Authors’ response: Thank you for your comment. While we appreciate that it often seems like most HIV clinical research papers start this way, the important take home message here is that we are not on target to achieve upcoming milestones to reduce incidence, and that an HIV vaccine remains an important goal. To do this, we need volunteers for upcoming efficacy trials. We feel our research supports the inclusion of these key populations in future trials.

Discussion

The authors should discuss their results before relating to others' work. See, for example, lines 215 – 216; what does the willingness of four of five respondents mean in the context of this study?

Authors’ response: We have added another sentence to the beginning of the discussion text prior to discussing others’ work.

Line 257-261, access to health services as a motivator to take part in HIV vaccine trials have been reported from other low-income countries besides Uganda and Kenya. It would be nice to expand this particular discussion by using additional related citations.

additionally, the authors must discuss the limitations and mitigations of this study. For example, the questionnaire was administered 12-15 months after the trial. Would this gap in terms of timing influence the obtained results?

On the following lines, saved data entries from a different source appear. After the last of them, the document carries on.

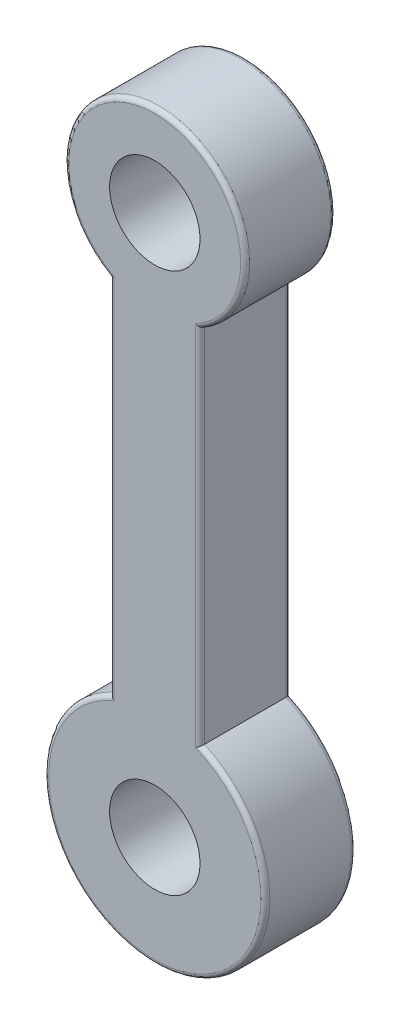
SolidWorks part; units mm, degrees
material "Plain Carbon Steel"
ref_plane "Plan de face" through (0, 0, 0) normal (0, 0, 1) x (1, 0, 0)
ref_plane "Plan de dessus" through (0, 0, 0) normal (0, 1, 0) x (1, 0, 0)
ref_plane "Plan de droite" through (0, 0, 0) normal (1, 0, 0) x (0, 0, -1)
sketch "Esquisse1" plane through (0, 0, 0) normal (0, 0, 1) x (1, 0, 0)
  line L1 (-10, -17.3205) -> (-10, -97.3205)
  line L2 (10, -17.3205) -> (10, -97.3205)
  circle A0 centre (0, 0) radius 10
  arc A1 (10, -17.3205) -> (-10, -17.3205) centre (0, 0) ccw
  circle A2 centre (0, -119.641) radius 10
  arc A3 (-10, -97.3205) -> (10, -97.3205) centre (0, -119.641) ccw
  point P7 (-10, 0)
  point P8 (-10, -70)
  point P9 (10, 0)
  point P10 (10, -70)
  dimension "D1" = 80
  dimension "D2" = 80
extrude "Boss.-Extru.1" add sketch "Esquisse1" along normal blind 20
fillet "Congé2" radius 1 8 edges at (0, -144.0992, 20) (-10, -57.3205, 20) (0, 20, 20) (10, -57.3205, 20) (10, -57.3205, 0) (0, -144.0992, 0) (-10, -57.3205, 0) (0, 20, 0)
sketch "Sketch1" plane through (0, 0, 20) normal (0, 0, 1) x (1, 0, 0)
  point P0 (0, -119.641)
sketch "Sketch2" plane through (0, 0, 0) normal (0, 0, -1) x (-1, 0, 0)
  point P0 (0, 0)
  point P1 (0, -119.641)
sketch "Sketch3" plane through (0, 0, 20) normal (0, 0, 1) x (1, 0, 0)
  point P0 (0, 0)

Authors’ response: Thank you for these comments. We have included references outside of Uganda and Kenya. We also kindly refer the reviewer to the last paragraph of the discussion, where we summarize limitations and mitigations. We also respectfully remind the reviewer that the questionnaire was administered 12-15 months after enrollment, on the last study visit.

Conclusion

Lines 275 – 281, should be rephrased to match the current key study results. For example, the issue of improving recruitment and retention was not part of the key results. Although it is an important recommendation, I think other issues about the current results should be emphasized first.

Authors’ response: Thank you for these comments. In this paragraph, we aren’t talking about improving recruitment and retention, instead we are noting that those who reported a better experience in the SiVET were more likely to report being willing to participate, suggesting that participants who felt their needs met were probably more likely to enroll into a future trial. Perhaps I am not understanding your question?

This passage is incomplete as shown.